After a day or two of mushroom hunting, I seem to see them when I close my eyes at night.


----------



## MELOC (Sep 26, 2005)

cowgirlone said:


> After a day or two of mushroom hunting, I seem to see them when I close my eyes at night.
> 
> lol, i know exactly what you mean. so do i! i actually dream about them. usually i dream about them a few weeks before the season. i once dreamed that i was walking along the road where i live and the heavy rains were washing tons of them into the drainage ditches, lol.
> 
> lol, you hunt with a 5 gallon bucket...hehehe. the only time i actually needed one was the day i found the ones in the pic i posted. i think the most i ever found, other the day i referenced above, was about 3.5 gallons. i could have found more but after six hours i got hungry...for morels! i headed home and broke out the butter and the skillet.


----------



## moonwolf (Sep 20, 2004)

MELOC said:


> lol, you hunt with a 5 gallon bucket...hehehe. the only time i actually needed one was the day i found the ones in the pic i posted. i think the most i ever found, other the day i referenced above, was about 3.5 gallons. i could have found more but after six hours i got hungry...for morels! i headed home and broke out the butter and the skillet.

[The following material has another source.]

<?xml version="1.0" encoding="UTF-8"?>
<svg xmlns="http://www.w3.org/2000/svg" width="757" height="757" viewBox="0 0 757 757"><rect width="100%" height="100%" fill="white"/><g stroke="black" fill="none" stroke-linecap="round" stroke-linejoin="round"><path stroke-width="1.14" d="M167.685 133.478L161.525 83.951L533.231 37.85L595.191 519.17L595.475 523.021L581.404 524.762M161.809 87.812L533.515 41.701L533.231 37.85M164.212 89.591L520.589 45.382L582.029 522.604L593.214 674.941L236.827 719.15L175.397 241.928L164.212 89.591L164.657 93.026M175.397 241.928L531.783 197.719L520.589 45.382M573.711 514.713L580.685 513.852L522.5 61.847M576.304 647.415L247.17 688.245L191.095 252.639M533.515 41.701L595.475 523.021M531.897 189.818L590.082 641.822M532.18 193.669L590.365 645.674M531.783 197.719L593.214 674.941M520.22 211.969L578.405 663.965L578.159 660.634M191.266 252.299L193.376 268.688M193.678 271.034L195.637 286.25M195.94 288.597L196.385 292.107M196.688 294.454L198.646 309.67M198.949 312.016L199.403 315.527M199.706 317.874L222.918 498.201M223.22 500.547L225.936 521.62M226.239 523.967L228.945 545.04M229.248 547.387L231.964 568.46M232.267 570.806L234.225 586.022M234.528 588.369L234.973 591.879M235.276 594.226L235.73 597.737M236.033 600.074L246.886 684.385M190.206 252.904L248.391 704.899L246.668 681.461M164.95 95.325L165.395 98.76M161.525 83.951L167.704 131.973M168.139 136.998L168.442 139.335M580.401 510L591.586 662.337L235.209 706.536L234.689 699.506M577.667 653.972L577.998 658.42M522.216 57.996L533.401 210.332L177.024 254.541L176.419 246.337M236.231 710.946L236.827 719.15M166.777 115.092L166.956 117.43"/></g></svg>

I had to teach my dad to find morels. One year the 2 of us found about half a dozen large brown grocery bags full. A couple years later he found about 20 lb. on his own that he sold to the local grocery store for several dollars a pound. That was long time ago.


----------



## MELOC (Sep 26, 2005)

i normally hunt in areas where hosts of other people go. there is not very much morel territory left that has not be turned into mcmansions. one day my brother and i were driving on an old dirt road. i had just commented on some advice my dad told us. he said "keep an eye on the side of the road and you may just see some growing there". the words barely left my mouth and there were several morels all dried up. i told my brother to stop. i jumped out of the van and looked over the bank and through the briars and WOW! there was a carpet of big morels hidden from the road by the briar patch.


----------



## cowgirlone (May 9, 2002)

I'm glad to hear I'm not the only one that dreams about them! In my dreams they are huge and everywhere I look, a ditch full would be nice!!  

We each (DH and DD) get a 5 gallon bucket and see who gets the first one, the biggest one and the most. We take a picnic lunch and make a day of it.

Here are some I dried.


----------



## jnap31 (Sep 16, 2005)

I love Morels and miss hunting them. They are to delicious to sell, My grandma use to dip em in eggs and then roll them in crushed saltine crackers and fry them up.Grandpa dried a bunch on strings one good year.


----------



## MELOC (Sep 26, 2005)

look at what my dear mother found in her flower bed...


----------



## cowgirlone (May 9, 2002)

Wow! That's a nice one!


----------